Donde, por alguna razón, eso no era posible, dirigían su mirada a la imagen de Cristo en el ábside o a la cruz, para orientarse interiormente hacia el Señor. Porque, en definitiva, se trataba de este hecho interior: de la conversión, de dirigir nuestra alma hacia Jesucristo y, de ese modo, hacia el Dios vivo, hacia la luz verdadera.

Además, se hacía también otra exclamación que aún hoy, antes del Canon, se dirige a la comunidad creyente: <Sursum corda>, (levantemos el corazón),  fuera de la maraña de nuestras preocupaciones, de nuestros deseos, de nuestras angustias, de nuestra distracción.

Levantad vuestro corazón, vuestra interioridad. Con ambas exclamaciones se nos exhorta de alguna manera a renovar nuestro bautismo. <Conversi are dominum>: Siempre debemos apartarnos de los caminos equivocados, en los que tan a menudo nos movemos con nuestro pensamiento y nuestras obras.

Siempre tenemos que dirigirnos a Él, que es el camino la verdad y la vida. Siempre hemos de ser convertidos, dirigir toda la vida a Dios. Y siempre tenemos que dejar que nuestro corazón sea substraído de la fuerza de gravedad, que lo atrae hacia abajo, y levantarlo interiormente hacia lo alto: hacia la verdad y el amor…”

Por otra parte, el tema de la Satisfacción es importantísimo, especialmente en pecados en los que se ha hecho daño al prójimo y es preciso tratar de reparar dicho daño porque como asegura  el Catecismo de la Iglesia Católica (Nº 1459):

“El pecado hiere y debilita al pecador mismo, así como sus relaciones con Dios y con el prójimo.

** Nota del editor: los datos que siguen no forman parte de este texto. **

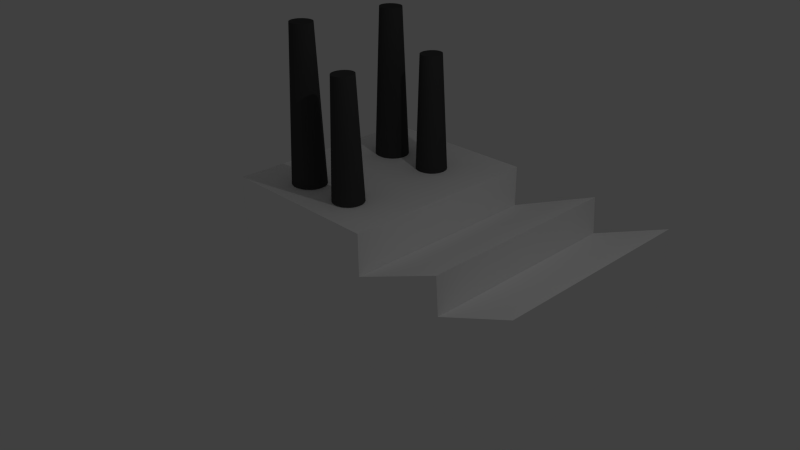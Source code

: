 # Source: usine.blend  (saved by Blender 2.73.0; exported with 4.5.12 LTS)
import bpy
from mathutils import Matrix  # noqa: F401  (used for matrix-valued properties, if any)

bpy.ops.wm.read_factory_settings(use_empty=True)
scene = bpy.context.scene
scene.name = 'Scene'

# ---- collections
col_collection_1 = bpy.data.collections.new('Collection 1'); scene.collection.children.link(col_collection_1)

# ---- materials (node trees are filled in below, after node groups)
mat_material_001 = bpy.data.materials.new('Material.001')
mat_material_001.alpha_threshold = 0.0
mat_material_001.use_transparent_shadow = False
mat_material_001.diffuse_color = (0.06072, 0.06072, 0.06072, 1.0)
mat_material_001.roughness = 0.5
mat_material = bpy.data.materials.new('Material')
mat_material.alpha_threshold = 0.0
mat_material.use_transparent_shadow = False
mat_material.diffuse_color = (1.0, 1.0, 1.0, 1.0)
mat_material.roughness = 0.5
mat_material.line_color = (0.0, 0.0, 0.0, 1.0)

# ---- material node trees

# ---- world
world_world = bpy.data.worlds.new('World'); scene.world = world_world
world_world.color = (0.05088, 0.05088, 0.05088)
world_world.use_sun_shadow = False
world_world.sun_shadow_jitter_overblur = 0.0
world_world.cycles.sampling_method = 'MANUAL'
world_world.cycles.sample_map_resolution = 256

# ---- cameras
cam_camera = bpy.data.cameras.new('Camera')
cam_camera.clip_end = 100.0
cam_camera.lens = 35.0
cam_camera.sensor_width = 32.0
cam_camera.sensor_height = 18.0
cam_camera.ortho_scale = 7.314
cam_camera.dof.focus_distance = 0.0
cam_camera.dof.aperture_fstop = 128.0

# ---- lights
light_lamp = bpy.data.lights.new('Lamp', 'POINT')
light_lamp.transmission_factor = 0.0
light_lamp.cutoff_distance = 30.0
light_lamp.energy = 100.0
light_lamp.shadow_buffer_clip_start = 1.001
light_lamp.shadow_soft_size = 0.1
light_lamp.shadow_maximum_resolution = 0.006
light_lamp.use_absolute_resolution = True
light_lamp.cycles.use_multiple_importance_sampling = False

# ---- meshes
me_cylinder_003 = bpy.data.meshes.new('Cylinder.003')
me_cylinder_003.from_pydata([(0.07693, 1.004, -1.123), (0.07348, 0.7145, 3.005), (0.1712, 0.9844, -1.123), (0.1347, 0.7021, 3.005), (0.2618, 0.9273, -1.123), (0.1936, 0.6654, 3.005), (0.3453, 0.8346, -1.123), (0.2478, 0.6058, 3.005), (0.4186, 0.7097, -1.123), (0.2954, 0.5256, 3.005), (0.4786, 0.5576, -1.123), (0.3344, 0.4279, 3.005), (0.5233, 0.3841, -1.123), (0.3634, 0.3165, 3.005), (0.5508, 0.1958, -1.123), (0.3813, 0.1955, 3.005), (0.5601, 7.468e-08, -1.123), (0.3873, 0.06973, 3.005), (0.5508, -0.1958, -1.123), (0.3813, -0.05606, 3.005), (0.5233, -0.3841, -1.123), (0.3634, -0.177, 3.005), (0.4786, -0.5576, -1.123), (0.3344, -0.2885, 3.005), (0.4186, -0.7097, -1.123), (0.2954, -0.3862, 3.005), (0.3453, -0.8346, -1.123), (0.2478, -0.4664, 3.005), (0.2618, -0.9273, -1.123), (0.1936, -0.5259, 3.005), (0.1712, -0.9844, -1.123), (0.1347, -0.5626, 3.005), (0.07693, -1.004, -1.123), (0.07348, -0.575, 3.005), (-0.01732, -0.9844, -1.123), (0.01226, -0.5626, 3.005), (-0.108, -0.9273, -1.123), (-0.0466, -0.5259, 3.005), (-0.1915, -0.8346, -1.123), (-0.1009, -0.4664, 3.005), (-0.2647, -0.7097, -1.123), (-0.1484, -0.3862, 3.005), (-0.3248, -0.5576, -1.123), (-0.1874, -0.2885, 3.005), (-0.3694, -0.3841, -1.123), (-0.2164, -0.177, 3.005), (-0.3969, -0.1958, -1.123), (-0.2343, -0.05606, 3.005), (-0.4062, 9.681e-07, -1.123), (-0.2403, 0.06973, 3.005), (-0.3969, 0.1958, -1.123), (-0.2343, 0.1955, 3.005), (-0.3694, 0.3841, -1.123), (-0.2164, 0.3165, 3.005), (-0.3248, 0.5576, -1.123), (-0.1874, 0.4279, 3.005), (-0.2647, 0.7097, -1.123), (-0.1484, 0.5256, 3.005), (-0.1915, 0.8346, -1.123), (-0.1009, 0.6058, 3.005), (-0.108, 0.9273, -1.123), (-0.0466, 0.6654, 3.005), (-0.01732, 0.9844, -1.123), (0.01227, 0.7021, 3.005)], [], [(0, 1, 3, 2), (2, 3, 5, 4), (4, 5, 7, 6), (6, 7, 9, 8), (8, 9, 11, 10), (10, 11, 13, 12), (12, 13, 15, 14), (14, 15, 17, 16), (16, 17, 19, 18), (18, 19, 21, 20), (20, 21, 23, 22), (22, 23, 25, 24), (24, 25, 27, 26), (26, 27, 29, 28), (28, 29, 31, 30), (30, 31, 33, 32), (32, 33, 35, 34), (34, 35, 37, 36), (36, 37, 39, 38), (38, 39, 41, 40), (40, 41, 43, 42), (42, 43, 45, 44), (44, 45, 47, 46), (46, 47, 49, 48), (48, 49, 51, 50), (50, 51, 53, 52), (52, 53, 55, 54), (54, 55, 57, 56), (56, 57, 59, 58), (58, 59, 61, 60), (3, 1, 63, 61, 59, 57, 55, 53, 51, 49, 47, 45, 43, 41, 39, 37, 35, 33, 31, 29, 27, 25, 23, 21, 19, 17, 15, 13, 11, 9, 7, 5), (62, 63, 1, 0), (60, 61, 63, 62), (0, 2, 4, 6, 8, 10, 12, 14, 16, 18, 20, 22, 24, 26, 28, 30, 32, 34, 36, 38, 40, 42, 44, 46, 48, 50, 52, 54, 56, 58, 60, 62)])
me_cylinder_003.materials.append(mat_material_001)
me_cylinder_003.use_remesh_preserve_volume = False
me_cylinder_003.use_remesh_preserve_attributes = False
me_cylinder_003.use_mirror_vertex_groups = False
me_cylinder_003.update()
me_cylinder_002 = bpy.data.meshes.new('Cylinder.002')
me_cylinder_002.from_pydata([(0.05762, 0.4157, -1.123), (0.03192, 0.307, 2.061), (0.1413, 0.4078, -1.123), (0.08644, 0.3011, 2.061), (0.2217, 0.3841, -1.123), (0.1389, 0.2836, 2.061), (0.2958, 0.3457, -1.123), (0.1872, 0.2552, 2.061), (0.3608, 0.294, -1.123), (0.2295, 0.217, 2.061), (0.4141, 0.231, -1.123), (0.2643, 0.1705, 2.061), (0.4537, 0.1591, -1.123), (0.2901, 0.1175, 2.061), (0.4781, 0.08111, -1.123), (0.306, 0.05988, 2.061), (0.4863, 2.175e-07, -1.123), (0.3113, 2.459e-07, 2.061), (0.4781, -0.08111, -1.123), (0.306, -0.05988, 2.061), (0.4537, -0.1591, -1.123), (0.2901, -0.1175, 2.061), (0.4141, -0.231, -1.123), (0.2643, -0.1705, 2.061), (0.3608, -0.294, -1.123), (0.2295, -0.217, 2.061), (0.2958, -0.3457, -1.123), (0.1872, -0.2552, 2.061), (0.2217, -0.3841, -1.123), (0.1389, -0.2836, 2.061), (0.1413, -0.4078, -1.123), (0.08643, -0.3011, 2.061), (0.05762, -0.4157, -1.123), (0.03192, -0.307, 2.061), (-0.02602, -0.4078, -1.123), (-0.02259, -0.3011, 2.061), (-0.1064, -0.3841, -1.123), (-0.07501, -0.2836, 2.061), (-0.1806, -0.3457, -1.123), (-0.1233, -0.2552, 2.061), (-0.2455, -0.294, -1.123), (-0.1657, -0.217, 2.061), (-0.2988, -0.231, -1.123), (-0.2004, -0.1705, 2.061), (-0.3385, -0.1591, -1.123), (-0.2262, -0.1175, 2.061), (-0.3629, -0.08111, -1.123), (-0.2421, -0.05988, 2.061), (-0.3711, 5.875e-07, -1.123), (-0.2475, 5.191e-07, 2.061), (-0.3629, 0.08111, -1.123), (-0.2421, 0.05988, 2.061), (-0.3385, 0.1591, -1.123), (-0.2262, 0.1175, 2.061), (-0.2988, 0.231, -1.123), (-0.2004, 0.1705, 2.061), (-0.2455, 0.294, -1.123), (-0.1657, 0.217, 2.061), (-0.1806, 0.3457, -1.123), (-0.1233, 0.2552, 2.061), (-0.1064, 0.3841, -1.123), (-0.07501, 0.2836, 2.061), (-0.02602, 0.4078, -1.123), (-0.02259, 0.3011, 2.061), (0.05762, 0.4157, -1.123), (0.1413, 0.4078, -1.123), (0.2217, 0.3841, -1.123), (0.2958, 0.3457, -1.123), (0.3608, 0.294, -1.123), (0.4141, 0.231, -1.123), (0.4537, 0.1591, -1.123), (0.4781, 0.08111, -1.123), (0.4863, 2.175e-07, -1.123), (0.4781, -0.08111, -1.123), (0.4537, -0.1591, -1.123), (0.4141, -0.231, -1.123), (0.3608, -0.294, -1.123), (0.2958, -0.3457, -1.123), (0.2217, -0.3841, -1.123), (0.1413, -0.4078, -1.123), (0.05762, -0.4157, -1.123), (-0.02602, -0.4078, -1.123), (-0.1064, -0.3841, -1.123), (-0.1806, -0.3457, -1.123), (-0.2455, -0.294, -1.123), (-0.2988, -0.231, -1.123), (-0.3385, -0.1591, -1.123), (-0.3629, -0.08111, -1.123), (-0.3711, 5.875e-07, -1.123), (-0.3629, 0.08111, -1.123), (-0.3385, 0.1591, -1.123), (-0.2988, 0.231, -1.123), (-0.2455, 0.294, -1.123), (-0.1806, 0.3457, -1.123), (-0.1064, 0.3841, -1.123), (-0.02602, 0.4078, -1.123)], [], [(0, 1, 3, 2), (2, 3, 5, 4), (4, 5, 7, 6), (6, 7, 9, 8), (8, 9, 11, 10), (10, 11, 13, 12), (12, 13, 15, 14), (14, 15, 17, 16), (16, 17, 19, 18), (18, 19, 21, 20), (20, 21, 23, 22), (22, 23, 25, 24), (24, 25, 27, 26), (26, 27, 29, 28), (28, 29, 31, 30), (30, 31, 33, 32), (32, 33, 35, 34), (34, 35, 37, 36), (36, 37, 39, 38), (38, 39, 41, 40), (40, 41, 43, 42), (42, 43, 45, 44), (44, 45, 47, 46), (46, 47, 49, 48), (48, 49, 51, 50), (50, 51, 53, 52), (52, 53, 55, 54), (54, 55, 57, 56), (56, 57, 59, 58), (58, 59, 61, 60), (3, 1, 63, 61, 59, 57, 55, 53, 51, 49, 47, 45, 43, 41, 39, 37, 35, 33, 31, 29, 27, 25, 23, 21, 19, 17, 15, 13, 11, 9, 7, 5), (62, 63, 1, 0), (60, 61, 63, 62), (48, 50, 89, 88), (64, 65, 66, 67, 68, 69, 70, 71, 72, 73, 74, 75, 76, 77, 78, 79, 80, 81, 82, 83, 84, 85, 86, 87, 88, 89, 90, 91, 92, 93, 94, 95), (4, 6, 67, 66), (26, 28, 78, 77), (54, 56, 92, 91), (32, 34, 81, 80), (10, 12, 70, 69), (60, 62, 95, 94), (38, 40, 84, 83), (16, 18, 73, 72), (44, 46, 87, 86), (22, 24, 76, 75), (50, 52, 90, 89), (6, 8, 68, 67), (28, 30, 79, 78), (56, 58, 93, 92), (34, 36, 82, 81), (12, 14, 71, 70), (62, 0, 64, 95), (40, 42, 85, 84), (18, 20, 74, 73), (46, 48, 88, 87), (2, 4, 66, 65), (24, 26, 77, 76), (52, 54, 91, 90), (8, 10, 69, 68), (30, 32, 80, 79), (58, 60, 94, 93), (36, 38, 83, 82), (0, 2, 65, 64), (14, 16, 72, 71), (42, 44, 86, 85), (20, 22, 75, 74)])
me_cylinder_002.materials.append(mat_material_001)
me_cylinder_002.use_remesh_preserve_volume = False
me_cylinder_002.use_remesh_preserve_attributes = False
me_cylinder_002.use_mirror_vertex_groups = False
me_cylinder_002.update()
me_cylinder_001 = bpy.data.meshes.new('Cylinder.001')
me_cylinder_001.from_pydata([(0.05762, 0.4157, -1.123), (0.03192, 0.307, 2.061), (0.1413, 0.4078, -1.123), (0.08644, 0.3011, 2.061), (0.2217, 0.3841, -1.123), (0.1389, 0.2836, 2.061), (0.2958, 0.3457, -1.123), (0.1872, 0.2552, 2.061), (0.3608, 0.294, -1.123), (0.2295, 0.217, 2.061), (0.4141, 0.231, -1.123), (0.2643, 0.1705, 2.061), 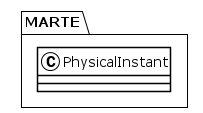

The diagram above was rendered by PlantUML. Its source (embedded in the PNG):
@startuml
!theme plain
package MARTE {
class PhysicalInstant {
}
}
@enduml

La absolución quita el pecado, pero no remedia todos los desórdenes que el pecador causó (Cc. Trento Ds 1712). Liberado el pecado, el pecador debe todavía recobrar la plena salud espiritual. Por tanto, debe hacer algo más para reparar sus pecados: debe <satisfacer> de manera apropiada o <expiar> sus pecados. Esta satisfacción se llama <penitencia>”

 


Es importante recordar también que la penitencia que el confesor impone, debe tener en cuenta las características del pecado cometido y la situación personal del pecador  (C.I.C. Nº 1460):

“La penitencia que el confesor impone debe tener en cuenta la situación personal del penitente y buscar su bien espiritual. Debe corresponder todo lo posible a la gravedad y a la naturaleza de los pecados cometidos. Puede consistir en la oración, en ofrendas, en obras de misericordia, servicios al prójimo, privaciones voluntarias, sacrificios y sobre todo la aceptación paciente de la Cruz que debemos llevar. Tales penitencias ayudan a configurarnos con Cristo que es,  el Único, que expió nuestros pecados una vez por todas (Rm 3, 25; 1 Jn 2, 1-2). Nos permiten llegar a ser coherederos de Cristo resucitado, ya que sufrimos con él (Rm 8,17; Cc. Trento: Ds 1690)”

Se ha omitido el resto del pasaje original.